In 2003, Luhrssen and Shepherd Express Publisher Louis Fortis struck up a conversation with folks who were planning a film festival for Lake Geneva.
“After we got back to the office, Louis asked if we could do such an event in Milwaukee,” Luhrssen recalled. “There had never been an all-purpose film festival here, just special focus events—the Jewish Film Festival, the Short Film Festival—so I said ‘yes.’ Then the work began. We debuted the Milwaukee International Film Festival in 2003 and managed it through 2007.” The 11-day event annual screened 140 films from 40 nations in four venues each year. Attendance for 2007 totaled over 30,000.
Among his book projects are collaborations with the late songwriter and poet Martin Jack Rosenblum. Of writing Searching for Rock’n’Roll with Rosenblum he recalls, “We had a 10-day deadline to knock out the first edition: Each day I’d have a conversation with him in the morning about a chapter topic—Country, Blues and so on—take notes, write the chapter that night and email it to him for approval.
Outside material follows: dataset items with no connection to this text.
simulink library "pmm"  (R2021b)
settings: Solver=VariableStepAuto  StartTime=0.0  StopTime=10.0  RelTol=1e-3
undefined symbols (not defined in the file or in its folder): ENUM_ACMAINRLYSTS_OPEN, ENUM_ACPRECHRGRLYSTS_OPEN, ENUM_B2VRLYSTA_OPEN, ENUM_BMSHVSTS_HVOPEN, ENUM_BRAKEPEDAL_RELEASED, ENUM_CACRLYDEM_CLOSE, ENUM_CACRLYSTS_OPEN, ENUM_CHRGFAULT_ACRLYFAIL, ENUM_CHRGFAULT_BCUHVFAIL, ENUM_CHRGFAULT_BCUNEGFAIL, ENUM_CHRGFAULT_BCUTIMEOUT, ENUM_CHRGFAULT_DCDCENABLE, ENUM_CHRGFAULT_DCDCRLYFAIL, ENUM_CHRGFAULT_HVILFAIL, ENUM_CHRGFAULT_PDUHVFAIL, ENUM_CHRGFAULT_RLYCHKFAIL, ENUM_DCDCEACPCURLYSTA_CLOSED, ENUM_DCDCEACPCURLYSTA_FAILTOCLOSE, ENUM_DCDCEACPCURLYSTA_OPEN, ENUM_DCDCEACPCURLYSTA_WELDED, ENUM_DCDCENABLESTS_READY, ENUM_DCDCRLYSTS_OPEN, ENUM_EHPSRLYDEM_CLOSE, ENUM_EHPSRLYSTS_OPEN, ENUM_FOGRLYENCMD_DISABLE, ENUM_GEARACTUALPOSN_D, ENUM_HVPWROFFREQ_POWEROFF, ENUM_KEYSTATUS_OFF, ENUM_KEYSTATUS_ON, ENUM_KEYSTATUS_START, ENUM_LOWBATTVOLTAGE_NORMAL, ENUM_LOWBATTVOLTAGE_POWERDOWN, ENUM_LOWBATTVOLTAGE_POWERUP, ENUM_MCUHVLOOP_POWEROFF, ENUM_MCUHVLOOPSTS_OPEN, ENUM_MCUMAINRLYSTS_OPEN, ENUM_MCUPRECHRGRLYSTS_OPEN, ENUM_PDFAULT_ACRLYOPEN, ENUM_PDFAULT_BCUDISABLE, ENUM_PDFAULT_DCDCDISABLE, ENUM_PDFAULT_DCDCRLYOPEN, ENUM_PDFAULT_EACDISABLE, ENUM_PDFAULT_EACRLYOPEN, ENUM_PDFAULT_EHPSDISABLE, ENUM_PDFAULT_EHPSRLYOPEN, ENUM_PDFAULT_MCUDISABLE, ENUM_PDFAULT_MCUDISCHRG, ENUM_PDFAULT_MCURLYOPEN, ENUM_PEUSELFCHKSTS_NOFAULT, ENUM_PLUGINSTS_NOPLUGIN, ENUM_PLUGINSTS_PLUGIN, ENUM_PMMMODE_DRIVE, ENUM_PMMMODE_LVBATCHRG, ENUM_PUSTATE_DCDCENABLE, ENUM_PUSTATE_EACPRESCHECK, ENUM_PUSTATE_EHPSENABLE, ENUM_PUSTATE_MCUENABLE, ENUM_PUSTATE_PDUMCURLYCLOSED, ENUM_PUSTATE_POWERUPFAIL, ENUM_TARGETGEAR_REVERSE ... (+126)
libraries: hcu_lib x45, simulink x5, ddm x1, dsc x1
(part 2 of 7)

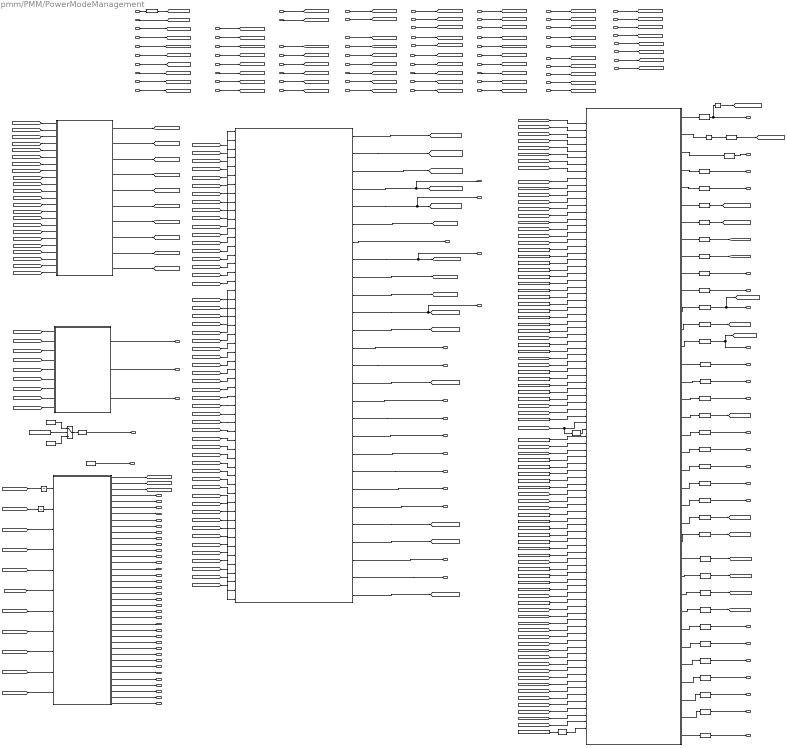
== system pmm/PMM/PowerModeManagement ==
  note: BDDM_outputs
  note: BDDM_outputs
  note: DDM_outpus
  note: BAPP_outputs
  note: BAPP_outputs
  note: BAPP_outputs
  note: BAPP_outputs
  note: BAPP_outputs
  note: BACC_outputs
  note: BVPSA_outputs
  task_time_s : Inport
  VPSA_Keystatus_enum : Inport  Port=2
  VPSA_EmergencyShutDown_flg : Inport  Port=3
  VPSA_AlcLockPass_flg : Inport  Port=4
  VACC_CACPresReady_flg : Inport  Port=5
  VTHC_AfterrunningMode_flg : Inport  Port=6
  VINP_DCChrgConnectSts_enum : Inport  Port=7
  VINP_BMSHVSts_enum : Inport  Port=8
  VINP_HVPwrOffReq_enum : Inport  Port=9
  VINP_MCUInVol_V : Inport  Port=10
  VINP_BMSChrgStatus_enum : Inport  Port=11
  VINP_B2VFaultCode_enum : Inport  Port=12
  VINP_AtvDisChgEnFbk_flg : Inport  Port=13
  VINP_MCUIGBTEnFbk_flg : Inport  Port=14
  VINP_MCUFailGrade_enum : Inport  Port=15
  VINP_MCUFailCode_enum : Inport  Port=16
  VINP_B2VHVILFault_flg : Inport  Port=17
  VINP_B2VMainNegRlySta_enum : Inport  Port=18
  VINP_B2VDCChgP1RlySta_enum : Inport  Port=19
  VINP_B2VDCChgN1RlySta_enum : Inport  Port=20
  VINP_B2VSOC_pct : Inport  Port=21
  VINP_MotorSpd_rpm : Inport  Port=22
  VINP_B2VPackCurr_A : Inport  Port=23
  VINP_B2VPackInsideVol_V : Inport  Port=24
  VINP_EACEnSta_enum : Inport  Port=25
  VINP_EHPSEnableStstus_enum : Inport  Port=26
  VINP_MCUHVLoopSts_enum : Inport  Port=27
  VINP_DCDCEnableStstus_enum : Inport  Port=28
  VINP_DCDCEnSta_enum : Inport  Port=29
  VINP_DCDCOutVol_V : Inport  Port=30
  VINP_PEUSelfChkSts_enum : Inport  Port=31
  VINP_MCUPrechrgRlySts_enum : Inport  Port=32
  VINP_HVILSta_enum : Inport  Port=33
  VINP_PDUMCUPosRlySta_enum : Inport  Port=34
  VINP_PDUACRlySta_enum : Inport  Port=35
  VINP_PDU3in1RlySta_enum : Inport  Port=36
  VINP_ParkBrakeSW_flg : Inport  Port=37
  VINP_EHPSMotorSpd_rpm : Inport  Port=38
  VINP_EBSBrakeSw_enum : Inport  Port=39
  VINP_TransReqGear_enum : Inport  Port=40
  VINP_ACPrechrgRlySts_enum : Inport  Port=41
  VINP_PushButton_flg : Inport  Port=42
  VINP_ChargeWakeup_flg : Inport  Port=43
  VINP_HVILPWMDuty_pct : Inport  Port=44
  VINP_VCUBattVol_v : Inport  Port=45
  VINP_MCUAfterRunReq_flg : Inport  Port=46
  VDSC_WineDetectorSwitch_flg : Inport  Port=47
  VDMM_LostComMCU_flg : Inport  Port=48
  VDMM_LostComPDU_flg : Inport  Port=49
  VDMM_LostComBCU : Inport  Port=50
  VDMM_LostComMCUSta2_flg : Inport  Port=51
  VDMM_RCIncorrect_flg : Inport  Port=52
  VDMM_DTCMCURCIncorrect_flg : Inport  Port=53
  VDMM_NoFeedBack_flg : Inport  Port=54
  VDMM_HVRlyNoFeedBack_flg : Inport  Port=55
  VDMM_DTCVCUPowerVolHigh_flg : Inport  Port=56
  VDMM_DTCVCUPowerVolLow_flg : Inport  Port=57
  VDMM_DTCHVILWireFailure_flg : Inport  Port=58
  VDMM_DTCAlcLockWireFailure_flg : Inport  Port=59
  VDMM_ProhibitCharge_flg : Inport  Port=60
  VDMM_ProhibitPowerUp_flg : Inport  Port=61
  VDMM_MCUForceDisable_flg : Inport  Port=62
  VDMM_DTCIRCS2GWireFailure_flg : Inport  Port=63
  VDMM_DTCIGNS2GWireFailure_flg : Inport  Port=64
  VDMM_DTCMCUCtrlMdNoFB_flg : Inport  Port=65
  VDMM_DTCBMSRlyNoFB_flg : Inport  Port=66
  VDMM_WireFailure_flg : Inport  Port=67
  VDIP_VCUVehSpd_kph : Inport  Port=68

Marty once called me a ‘Talmudic poet.’ It was the best compliment I ever received as a writer.”
Juggling three book projects currently, Luhrssen sees a time in the not-too-distant future when he moves to fiction. (A close look at his bibliography shows a pair of short stories published decades ago.)
As a young person he was seduced by the paychecks of journalism and put fiction aside. But with a lifetime of experiences, he feels he has made sense of “the patchwork of odd influences” that defines him today. “I don’t think I have anything more of interest to say about music or film history. After these next three books are done, I think at that point I’m going to write a novel in my spare time.”
Role of Shepherd Express
Luhrssen underlines the necessity of independent journalism and Shepherd Express in Milwaukee. He says the publication has had an important role in keeping people informed about the culture of Milwaukee’s food, music, theater and events.
“Milwaukee is a much more active city than it was 30 years ago when I became A&E Editor. That is important because politically speaking I disagree with Karl Marx,” he says. “I don’t think human history moves forward on the wheels of economics—it moves forward on the wheels of culture and ideas. Economics is not irrelevant, but politics comes from culture. If politics came from economics, then the majority of people wouldn’t continue to vote against their economic interests every election.”
That being said, Luhrssen says the political aspect of Shepherd Express has always been important because no one in Milwaukee was doing this. “From the Bugle American on, I saw myself as an activist journalist—someone who is not just sitting back and reporting on the world, but I have the idea that I want to make the world different than what it is, a better place. And that is what the Shepherd Express wants to do. That’s what the Crazy Shepherd wanted to do, and at all points along the way what Louis Fortis wants to do. We really do have the idea that the world could stand some improvement. That’s not Utopianism, it’s not having the false dream of something you can never achieve. It means rolling up your sleeves and taking actions that will make the world we live a better place for more of the people living there.”